The larger medical systems do have their place, Preimesberger says. “We need hospital access and access to advancing technology, but if you can carve primary care out of that — we can do a better job more efficiently and [it’s] less costly. We take some of the burden off the system, yet can still be the source for the referrals to specialists when needed.”
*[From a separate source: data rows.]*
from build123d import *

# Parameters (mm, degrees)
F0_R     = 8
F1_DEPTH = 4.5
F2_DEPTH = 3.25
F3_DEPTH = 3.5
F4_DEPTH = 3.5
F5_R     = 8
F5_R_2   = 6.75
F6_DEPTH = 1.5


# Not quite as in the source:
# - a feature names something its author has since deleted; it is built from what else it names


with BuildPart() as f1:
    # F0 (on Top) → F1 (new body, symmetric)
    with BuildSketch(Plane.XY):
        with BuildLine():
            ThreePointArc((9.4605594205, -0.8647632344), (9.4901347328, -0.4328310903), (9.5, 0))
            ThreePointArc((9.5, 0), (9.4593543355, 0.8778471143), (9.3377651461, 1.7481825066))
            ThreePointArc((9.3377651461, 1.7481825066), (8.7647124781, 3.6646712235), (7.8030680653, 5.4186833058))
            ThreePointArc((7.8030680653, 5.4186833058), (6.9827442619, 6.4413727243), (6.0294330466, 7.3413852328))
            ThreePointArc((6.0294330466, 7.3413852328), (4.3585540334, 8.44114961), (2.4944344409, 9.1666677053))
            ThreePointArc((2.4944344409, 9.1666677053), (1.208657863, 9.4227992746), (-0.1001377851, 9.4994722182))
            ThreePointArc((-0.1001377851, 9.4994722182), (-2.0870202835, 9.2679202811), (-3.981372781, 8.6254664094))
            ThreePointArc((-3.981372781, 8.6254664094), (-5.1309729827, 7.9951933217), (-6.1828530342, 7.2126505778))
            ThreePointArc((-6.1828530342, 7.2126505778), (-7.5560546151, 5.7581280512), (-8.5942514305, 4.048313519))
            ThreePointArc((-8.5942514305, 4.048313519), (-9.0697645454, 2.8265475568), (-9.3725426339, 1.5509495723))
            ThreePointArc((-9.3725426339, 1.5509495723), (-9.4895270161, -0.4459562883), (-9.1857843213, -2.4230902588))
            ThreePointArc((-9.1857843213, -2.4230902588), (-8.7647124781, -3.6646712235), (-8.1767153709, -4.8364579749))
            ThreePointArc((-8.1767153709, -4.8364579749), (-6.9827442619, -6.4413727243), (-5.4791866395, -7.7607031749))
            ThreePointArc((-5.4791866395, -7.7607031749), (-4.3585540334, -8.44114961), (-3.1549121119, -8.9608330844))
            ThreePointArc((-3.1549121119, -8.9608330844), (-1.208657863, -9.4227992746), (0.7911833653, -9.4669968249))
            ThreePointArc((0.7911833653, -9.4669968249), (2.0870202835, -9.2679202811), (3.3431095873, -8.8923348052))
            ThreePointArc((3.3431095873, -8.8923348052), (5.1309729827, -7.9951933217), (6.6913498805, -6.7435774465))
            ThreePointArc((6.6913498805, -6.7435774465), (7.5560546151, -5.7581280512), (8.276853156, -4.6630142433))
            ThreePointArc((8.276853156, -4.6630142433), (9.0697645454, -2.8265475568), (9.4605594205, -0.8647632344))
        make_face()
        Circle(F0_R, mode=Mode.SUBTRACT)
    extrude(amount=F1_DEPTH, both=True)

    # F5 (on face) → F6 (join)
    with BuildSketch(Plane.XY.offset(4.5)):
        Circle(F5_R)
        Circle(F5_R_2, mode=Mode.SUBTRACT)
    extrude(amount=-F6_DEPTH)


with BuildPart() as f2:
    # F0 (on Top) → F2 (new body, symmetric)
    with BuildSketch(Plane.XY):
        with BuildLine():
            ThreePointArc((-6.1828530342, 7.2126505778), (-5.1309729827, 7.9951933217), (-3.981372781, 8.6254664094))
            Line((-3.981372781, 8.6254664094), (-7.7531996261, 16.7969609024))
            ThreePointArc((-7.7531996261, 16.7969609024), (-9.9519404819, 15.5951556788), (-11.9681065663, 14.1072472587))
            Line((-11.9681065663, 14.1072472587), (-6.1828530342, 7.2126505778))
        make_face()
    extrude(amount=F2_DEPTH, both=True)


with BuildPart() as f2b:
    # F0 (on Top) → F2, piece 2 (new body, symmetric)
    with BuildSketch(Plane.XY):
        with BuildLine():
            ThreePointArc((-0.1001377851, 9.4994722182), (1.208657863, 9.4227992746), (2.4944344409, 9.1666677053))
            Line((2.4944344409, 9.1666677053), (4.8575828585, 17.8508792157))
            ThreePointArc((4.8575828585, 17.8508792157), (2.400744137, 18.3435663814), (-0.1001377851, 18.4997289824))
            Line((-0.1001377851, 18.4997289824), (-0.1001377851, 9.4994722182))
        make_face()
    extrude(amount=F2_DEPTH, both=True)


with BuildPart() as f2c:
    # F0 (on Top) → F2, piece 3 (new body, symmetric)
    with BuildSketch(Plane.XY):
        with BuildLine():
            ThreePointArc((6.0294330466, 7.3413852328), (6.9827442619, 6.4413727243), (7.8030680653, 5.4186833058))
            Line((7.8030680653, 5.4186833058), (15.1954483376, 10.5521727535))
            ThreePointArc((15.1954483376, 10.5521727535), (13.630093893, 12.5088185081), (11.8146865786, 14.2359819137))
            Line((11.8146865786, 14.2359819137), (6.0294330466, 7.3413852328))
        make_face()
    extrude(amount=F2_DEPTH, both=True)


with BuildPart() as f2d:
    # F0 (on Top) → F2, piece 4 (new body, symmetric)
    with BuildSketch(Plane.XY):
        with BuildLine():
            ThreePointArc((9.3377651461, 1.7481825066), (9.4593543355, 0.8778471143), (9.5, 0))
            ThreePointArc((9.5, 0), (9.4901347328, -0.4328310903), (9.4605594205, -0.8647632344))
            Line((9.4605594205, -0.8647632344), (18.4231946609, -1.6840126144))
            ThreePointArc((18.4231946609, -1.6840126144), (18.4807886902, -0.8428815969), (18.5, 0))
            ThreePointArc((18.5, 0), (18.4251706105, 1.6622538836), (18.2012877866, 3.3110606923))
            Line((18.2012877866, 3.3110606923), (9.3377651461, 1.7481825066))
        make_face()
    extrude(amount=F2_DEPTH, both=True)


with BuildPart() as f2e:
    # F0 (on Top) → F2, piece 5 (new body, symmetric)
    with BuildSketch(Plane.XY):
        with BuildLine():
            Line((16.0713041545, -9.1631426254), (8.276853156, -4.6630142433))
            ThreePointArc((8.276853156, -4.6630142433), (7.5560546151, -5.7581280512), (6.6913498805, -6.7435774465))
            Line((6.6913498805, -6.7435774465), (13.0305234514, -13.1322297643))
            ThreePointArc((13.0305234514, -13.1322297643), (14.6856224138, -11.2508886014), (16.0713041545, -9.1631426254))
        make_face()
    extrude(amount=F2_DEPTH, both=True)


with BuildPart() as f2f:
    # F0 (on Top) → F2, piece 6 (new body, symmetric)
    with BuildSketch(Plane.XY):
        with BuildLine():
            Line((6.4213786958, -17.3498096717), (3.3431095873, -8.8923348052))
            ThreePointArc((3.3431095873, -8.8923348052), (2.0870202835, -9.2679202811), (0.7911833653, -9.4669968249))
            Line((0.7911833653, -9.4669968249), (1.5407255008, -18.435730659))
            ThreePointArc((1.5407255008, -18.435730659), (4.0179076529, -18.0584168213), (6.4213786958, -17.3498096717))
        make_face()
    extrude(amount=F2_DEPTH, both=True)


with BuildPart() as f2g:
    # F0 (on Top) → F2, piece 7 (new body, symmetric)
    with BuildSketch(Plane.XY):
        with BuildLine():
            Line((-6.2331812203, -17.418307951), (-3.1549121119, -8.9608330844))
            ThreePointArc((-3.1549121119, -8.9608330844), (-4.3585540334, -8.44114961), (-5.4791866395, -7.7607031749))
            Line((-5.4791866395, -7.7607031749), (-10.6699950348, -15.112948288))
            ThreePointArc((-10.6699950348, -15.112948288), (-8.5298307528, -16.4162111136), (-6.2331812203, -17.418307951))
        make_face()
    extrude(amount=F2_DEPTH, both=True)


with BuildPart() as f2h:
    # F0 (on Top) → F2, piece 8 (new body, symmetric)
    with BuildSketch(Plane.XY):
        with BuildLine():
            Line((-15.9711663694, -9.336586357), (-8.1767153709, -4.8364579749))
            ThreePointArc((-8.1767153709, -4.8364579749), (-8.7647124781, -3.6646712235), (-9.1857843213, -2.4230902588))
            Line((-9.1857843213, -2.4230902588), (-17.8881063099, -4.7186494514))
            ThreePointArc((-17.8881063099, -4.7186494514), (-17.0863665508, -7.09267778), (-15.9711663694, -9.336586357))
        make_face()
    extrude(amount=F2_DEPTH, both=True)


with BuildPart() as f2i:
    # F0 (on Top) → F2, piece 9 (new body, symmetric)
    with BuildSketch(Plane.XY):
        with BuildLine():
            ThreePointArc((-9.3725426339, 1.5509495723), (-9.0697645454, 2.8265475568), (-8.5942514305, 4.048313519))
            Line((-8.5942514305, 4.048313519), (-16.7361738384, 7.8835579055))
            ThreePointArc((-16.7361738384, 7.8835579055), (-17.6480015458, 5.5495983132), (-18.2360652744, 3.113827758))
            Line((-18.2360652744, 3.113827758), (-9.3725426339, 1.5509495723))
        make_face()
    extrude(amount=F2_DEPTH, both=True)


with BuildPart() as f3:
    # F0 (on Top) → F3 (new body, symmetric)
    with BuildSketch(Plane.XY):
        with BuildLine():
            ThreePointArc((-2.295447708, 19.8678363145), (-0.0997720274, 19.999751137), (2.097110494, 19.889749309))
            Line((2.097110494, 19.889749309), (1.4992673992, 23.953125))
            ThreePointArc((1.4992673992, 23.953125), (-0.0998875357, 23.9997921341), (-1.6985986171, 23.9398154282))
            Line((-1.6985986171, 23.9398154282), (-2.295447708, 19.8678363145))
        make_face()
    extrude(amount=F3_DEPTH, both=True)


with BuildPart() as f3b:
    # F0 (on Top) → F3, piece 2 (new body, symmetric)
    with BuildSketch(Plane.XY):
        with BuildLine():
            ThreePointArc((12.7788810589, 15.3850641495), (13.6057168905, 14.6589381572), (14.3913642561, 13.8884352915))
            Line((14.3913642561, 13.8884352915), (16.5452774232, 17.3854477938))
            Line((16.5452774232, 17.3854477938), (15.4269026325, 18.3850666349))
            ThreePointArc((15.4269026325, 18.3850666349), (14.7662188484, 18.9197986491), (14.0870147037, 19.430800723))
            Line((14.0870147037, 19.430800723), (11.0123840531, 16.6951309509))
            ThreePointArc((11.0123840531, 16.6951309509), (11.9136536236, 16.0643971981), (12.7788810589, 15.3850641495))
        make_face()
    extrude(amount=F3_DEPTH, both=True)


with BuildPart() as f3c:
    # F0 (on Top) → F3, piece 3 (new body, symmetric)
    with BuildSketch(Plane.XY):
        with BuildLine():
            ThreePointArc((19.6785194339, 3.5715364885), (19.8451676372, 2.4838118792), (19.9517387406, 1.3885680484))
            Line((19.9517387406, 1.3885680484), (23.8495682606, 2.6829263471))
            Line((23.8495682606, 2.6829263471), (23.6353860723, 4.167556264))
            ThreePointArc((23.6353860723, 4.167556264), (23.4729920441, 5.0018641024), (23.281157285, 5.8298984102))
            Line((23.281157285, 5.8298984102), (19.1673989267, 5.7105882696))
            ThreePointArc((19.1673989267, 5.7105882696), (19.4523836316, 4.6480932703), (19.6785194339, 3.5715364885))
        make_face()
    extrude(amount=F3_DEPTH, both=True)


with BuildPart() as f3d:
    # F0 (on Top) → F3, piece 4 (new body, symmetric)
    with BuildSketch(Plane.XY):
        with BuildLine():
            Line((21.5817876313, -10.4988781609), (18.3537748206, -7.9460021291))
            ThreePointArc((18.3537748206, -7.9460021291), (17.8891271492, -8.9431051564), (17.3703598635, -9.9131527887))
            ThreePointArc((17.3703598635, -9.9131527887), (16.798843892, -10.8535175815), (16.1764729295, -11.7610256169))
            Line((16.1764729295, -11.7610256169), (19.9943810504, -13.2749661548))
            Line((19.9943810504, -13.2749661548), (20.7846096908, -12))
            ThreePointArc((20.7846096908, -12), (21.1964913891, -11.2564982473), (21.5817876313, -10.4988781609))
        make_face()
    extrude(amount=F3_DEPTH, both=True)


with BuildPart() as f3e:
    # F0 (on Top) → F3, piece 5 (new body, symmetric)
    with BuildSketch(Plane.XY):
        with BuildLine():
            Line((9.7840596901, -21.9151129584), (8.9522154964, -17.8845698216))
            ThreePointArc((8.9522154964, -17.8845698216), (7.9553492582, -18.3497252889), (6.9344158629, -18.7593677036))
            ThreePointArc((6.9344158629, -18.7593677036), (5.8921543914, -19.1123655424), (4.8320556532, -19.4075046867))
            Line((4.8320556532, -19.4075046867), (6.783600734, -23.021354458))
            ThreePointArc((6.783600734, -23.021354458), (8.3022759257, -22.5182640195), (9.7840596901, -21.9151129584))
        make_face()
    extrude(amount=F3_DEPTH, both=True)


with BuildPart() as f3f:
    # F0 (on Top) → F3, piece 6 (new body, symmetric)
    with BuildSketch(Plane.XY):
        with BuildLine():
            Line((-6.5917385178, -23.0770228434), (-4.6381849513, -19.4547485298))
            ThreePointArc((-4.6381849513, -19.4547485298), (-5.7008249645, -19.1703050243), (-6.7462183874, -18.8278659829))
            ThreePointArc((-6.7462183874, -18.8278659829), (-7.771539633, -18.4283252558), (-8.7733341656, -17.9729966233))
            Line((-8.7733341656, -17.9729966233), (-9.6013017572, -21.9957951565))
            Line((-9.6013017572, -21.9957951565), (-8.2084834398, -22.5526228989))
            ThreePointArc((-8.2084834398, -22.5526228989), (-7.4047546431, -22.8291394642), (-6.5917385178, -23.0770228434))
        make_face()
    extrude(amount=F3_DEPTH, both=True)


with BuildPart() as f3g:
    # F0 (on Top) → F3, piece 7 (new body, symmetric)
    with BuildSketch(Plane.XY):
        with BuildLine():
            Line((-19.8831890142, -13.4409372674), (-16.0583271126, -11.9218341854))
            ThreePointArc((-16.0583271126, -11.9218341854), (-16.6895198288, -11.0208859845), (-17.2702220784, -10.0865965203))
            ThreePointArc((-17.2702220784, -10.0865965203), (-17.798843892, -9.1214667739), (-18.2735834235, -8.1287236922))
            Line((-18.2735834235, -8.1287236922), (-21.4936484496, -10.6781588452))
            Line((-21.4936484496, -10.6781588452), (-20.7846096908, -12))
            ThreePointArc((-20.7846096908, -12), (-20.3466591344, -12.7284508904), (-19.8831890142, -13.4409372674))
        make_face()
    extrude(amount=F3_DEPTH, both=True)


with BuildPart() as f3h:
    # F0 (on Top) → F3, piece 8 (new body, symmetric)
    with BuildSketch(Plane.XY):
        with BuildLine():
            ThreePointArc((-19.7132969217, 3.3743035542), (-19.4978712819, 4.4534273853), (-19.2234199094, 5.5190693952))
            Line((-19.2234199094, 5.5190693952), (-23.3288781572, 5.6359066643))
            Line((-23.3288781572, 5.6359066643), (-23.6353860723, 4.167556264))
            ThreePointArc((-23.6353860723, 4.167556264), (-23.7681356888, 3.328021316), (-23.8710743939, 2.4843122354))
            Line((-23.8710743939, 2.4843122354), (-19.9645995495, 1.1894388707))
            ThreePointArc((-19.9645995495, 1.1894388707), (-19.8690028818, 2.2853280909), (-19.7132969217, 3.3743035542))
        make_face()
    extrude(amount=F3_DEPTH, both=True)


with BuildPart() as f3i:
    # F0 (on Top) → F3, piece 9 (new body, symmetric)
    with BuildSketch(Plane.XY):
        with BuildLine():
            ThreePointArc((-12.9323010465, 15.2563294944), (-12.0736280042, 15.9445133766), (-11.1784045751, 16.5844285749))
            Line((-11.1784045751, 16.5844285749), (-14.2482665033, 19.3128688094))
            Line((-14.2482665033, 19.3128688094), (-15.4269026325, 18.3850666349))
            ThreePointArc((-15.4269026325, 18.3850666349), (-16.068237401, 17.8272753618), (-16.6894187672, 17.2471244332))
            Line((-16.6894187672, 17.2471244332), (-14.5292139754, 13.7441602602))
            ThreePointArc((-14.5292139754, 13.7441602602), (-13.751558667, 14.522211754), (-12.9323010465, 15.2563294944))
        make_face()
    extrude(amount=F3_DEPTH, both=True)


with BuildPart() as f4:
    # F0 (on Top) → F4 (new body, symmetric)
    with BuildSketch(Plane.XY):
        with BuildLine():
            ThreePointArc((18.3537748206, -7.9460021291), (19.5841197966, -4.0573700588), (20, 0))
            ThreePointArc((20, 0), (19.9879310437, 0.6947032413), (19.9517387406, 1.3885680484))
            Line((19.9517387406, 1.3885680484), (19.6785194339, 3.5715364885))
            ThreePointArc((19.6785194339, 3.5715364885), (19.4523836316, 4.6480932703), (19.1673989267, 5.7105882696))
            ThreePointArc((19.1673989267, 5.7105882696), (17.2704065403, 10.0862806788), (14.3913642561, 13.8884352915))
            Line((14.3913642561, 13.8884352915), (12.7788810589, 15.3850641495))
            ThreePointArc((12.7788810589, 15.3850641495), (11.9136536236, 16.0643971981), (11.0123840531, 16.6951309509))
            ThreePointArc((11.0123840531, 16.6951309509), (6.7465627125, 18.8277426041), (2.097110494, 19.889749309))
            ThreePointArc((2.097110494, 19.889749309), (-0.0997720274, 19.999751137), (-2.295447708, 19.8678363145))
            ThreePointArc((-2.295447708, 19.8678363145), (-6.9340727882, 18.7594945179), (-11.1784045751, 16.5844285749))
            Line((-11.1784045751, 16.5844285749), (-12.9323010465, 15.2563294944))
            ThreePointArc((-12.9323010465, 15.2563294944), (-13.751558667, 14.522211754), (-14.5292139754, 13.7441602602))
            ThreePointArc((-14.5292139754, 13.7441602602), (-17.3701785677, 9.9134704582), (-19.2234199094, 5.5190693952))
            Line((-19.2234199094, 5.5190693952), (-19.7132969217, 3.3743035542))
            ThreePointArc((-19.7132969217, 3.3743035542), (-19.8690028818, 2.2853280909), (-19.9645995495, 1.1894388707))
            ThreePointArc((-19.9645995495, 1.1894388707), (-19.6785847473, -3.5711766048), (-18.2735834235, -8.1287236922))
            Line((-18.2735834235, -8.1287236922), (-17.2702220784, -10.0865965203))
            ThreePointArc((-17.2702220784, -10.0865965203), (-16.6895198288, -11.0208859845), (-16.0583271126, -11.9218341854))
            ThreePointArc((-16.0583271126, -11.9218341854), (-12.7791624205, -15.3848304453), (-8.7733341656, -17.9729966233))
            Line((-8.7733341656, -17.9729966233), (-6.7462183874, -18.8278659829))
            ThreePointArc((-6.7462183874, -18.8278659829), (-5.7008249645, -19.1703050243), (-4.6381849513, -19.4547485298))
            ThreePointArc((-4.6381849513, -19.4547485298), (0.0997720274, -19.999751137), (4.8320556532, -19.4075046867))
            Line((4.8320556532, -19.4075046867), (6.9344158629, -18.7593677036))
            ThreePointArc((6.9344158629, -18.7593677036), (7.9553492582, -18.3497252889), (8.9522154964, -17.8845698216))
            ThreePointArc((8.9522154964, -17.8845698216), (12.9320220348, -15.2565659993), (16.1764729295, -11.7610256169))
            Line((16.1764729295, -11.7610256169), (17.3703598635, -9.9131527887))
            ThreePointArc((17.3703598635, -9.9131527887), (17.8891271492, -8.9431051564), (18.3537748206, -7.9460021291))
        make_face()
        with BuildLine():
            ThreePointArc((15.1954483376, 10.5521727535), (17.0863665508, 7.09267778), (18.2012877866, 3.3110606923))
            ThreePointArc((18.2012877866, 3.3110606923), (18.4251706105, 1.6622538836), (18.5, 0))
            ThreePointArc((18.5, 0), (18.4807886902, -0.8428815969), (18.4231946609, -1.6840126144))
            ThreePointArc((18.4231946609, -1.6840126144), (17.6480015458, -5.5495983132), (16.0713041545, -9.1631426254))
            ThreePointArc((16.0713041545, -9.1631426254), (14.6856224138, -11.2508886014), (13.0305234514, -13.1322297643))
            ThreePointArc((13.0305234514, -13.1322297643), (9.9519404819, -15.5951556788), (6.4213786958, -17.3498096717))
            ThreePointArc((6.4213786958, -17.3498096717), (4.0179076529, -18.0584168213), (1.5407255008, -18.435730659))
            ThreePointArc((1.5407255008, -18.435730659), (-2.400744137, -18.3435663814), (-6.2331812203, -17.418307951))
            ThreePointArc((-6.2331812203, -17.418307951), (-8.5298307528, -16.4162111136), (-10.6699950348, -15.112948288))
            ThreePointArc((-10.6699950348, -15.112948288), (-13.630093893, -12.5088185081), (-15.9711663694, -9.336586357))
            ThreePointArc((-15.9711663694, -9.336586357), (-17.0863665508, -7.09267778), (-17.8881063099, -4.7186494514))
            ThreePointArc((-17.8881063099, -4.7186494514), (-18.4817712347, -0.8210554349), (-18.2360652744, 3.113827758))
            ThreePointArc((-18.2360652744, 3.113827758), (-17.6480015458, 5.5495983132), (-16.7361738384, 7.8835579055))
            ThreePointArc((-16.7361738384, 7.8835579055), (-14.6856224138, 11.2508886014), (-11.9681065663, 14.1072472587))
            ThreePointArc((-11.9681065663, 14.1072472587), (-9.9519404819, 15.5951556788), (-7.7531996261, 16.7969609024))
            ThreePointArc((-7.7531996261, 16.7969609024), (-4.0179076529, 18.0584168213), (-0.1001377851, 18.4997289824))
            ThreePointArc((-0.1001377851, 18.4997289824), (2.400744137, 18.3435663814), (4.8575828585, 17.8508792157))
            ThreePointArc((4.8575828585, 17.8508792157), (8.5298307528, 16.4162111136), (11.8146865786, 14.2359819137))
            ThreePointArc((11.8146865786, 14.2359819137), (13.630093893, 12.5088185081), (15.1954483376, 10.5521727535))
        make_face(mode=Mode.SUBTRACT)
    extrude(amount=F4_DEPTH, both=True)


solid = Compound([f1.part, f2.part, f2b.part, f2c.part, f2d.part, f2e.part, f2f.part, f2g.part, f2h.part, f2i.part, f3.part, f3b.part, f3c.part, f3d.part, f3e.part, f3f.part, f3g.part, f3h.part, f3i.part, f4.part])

Preimesbeger planned for her move to direct primary care for over two years. She’s temporarily renting a small office while building her own clinic from the ground up in downtown Verona. She hopes that new space, which will have three exam rooms and one procedure room, will be ready by mid-September. There’s room there for her to take on a partner; in the meantime some of the space can be sublet to a medical professional like a psychologist/counselor or physical therapist.
So far the patients that have come to her have had “a variety of stories as to why they think DPC will work for them,” says Preimesberger. One is an independent contractor without insurance but who wanted access to preventative services and basic primary care. People, she says, are “trying to navigate health care outside the system.”
Another direct primary care option is headed to Fitchburg: Dedicated Family Care. Dr. Wendy Molaska has worked in a variety of health care settings, from hospice to a federally qualified community health care center to UW Health. She sees direct primary care as a better way to help patients with everything from diabetes to weight loss to mental health — with a focus on a person’s personal goals for health.
Molaska is finalizing an office space while accepting patients and fielding questions via her website.
She is especially concerned about equity and inclusion in access to health care and sees direct primary care as a path to that. She also plans to provide discounts to care when that is needed: “After all, I’m running this business, I can charge people what I want.”
Patients, she says, are “fed up” with the length of time it can take in the big systems to get to see their own doctors, and the short visits when they do. Direct primary care offers her the opportunity to “do medicine the way I like to do medicine.”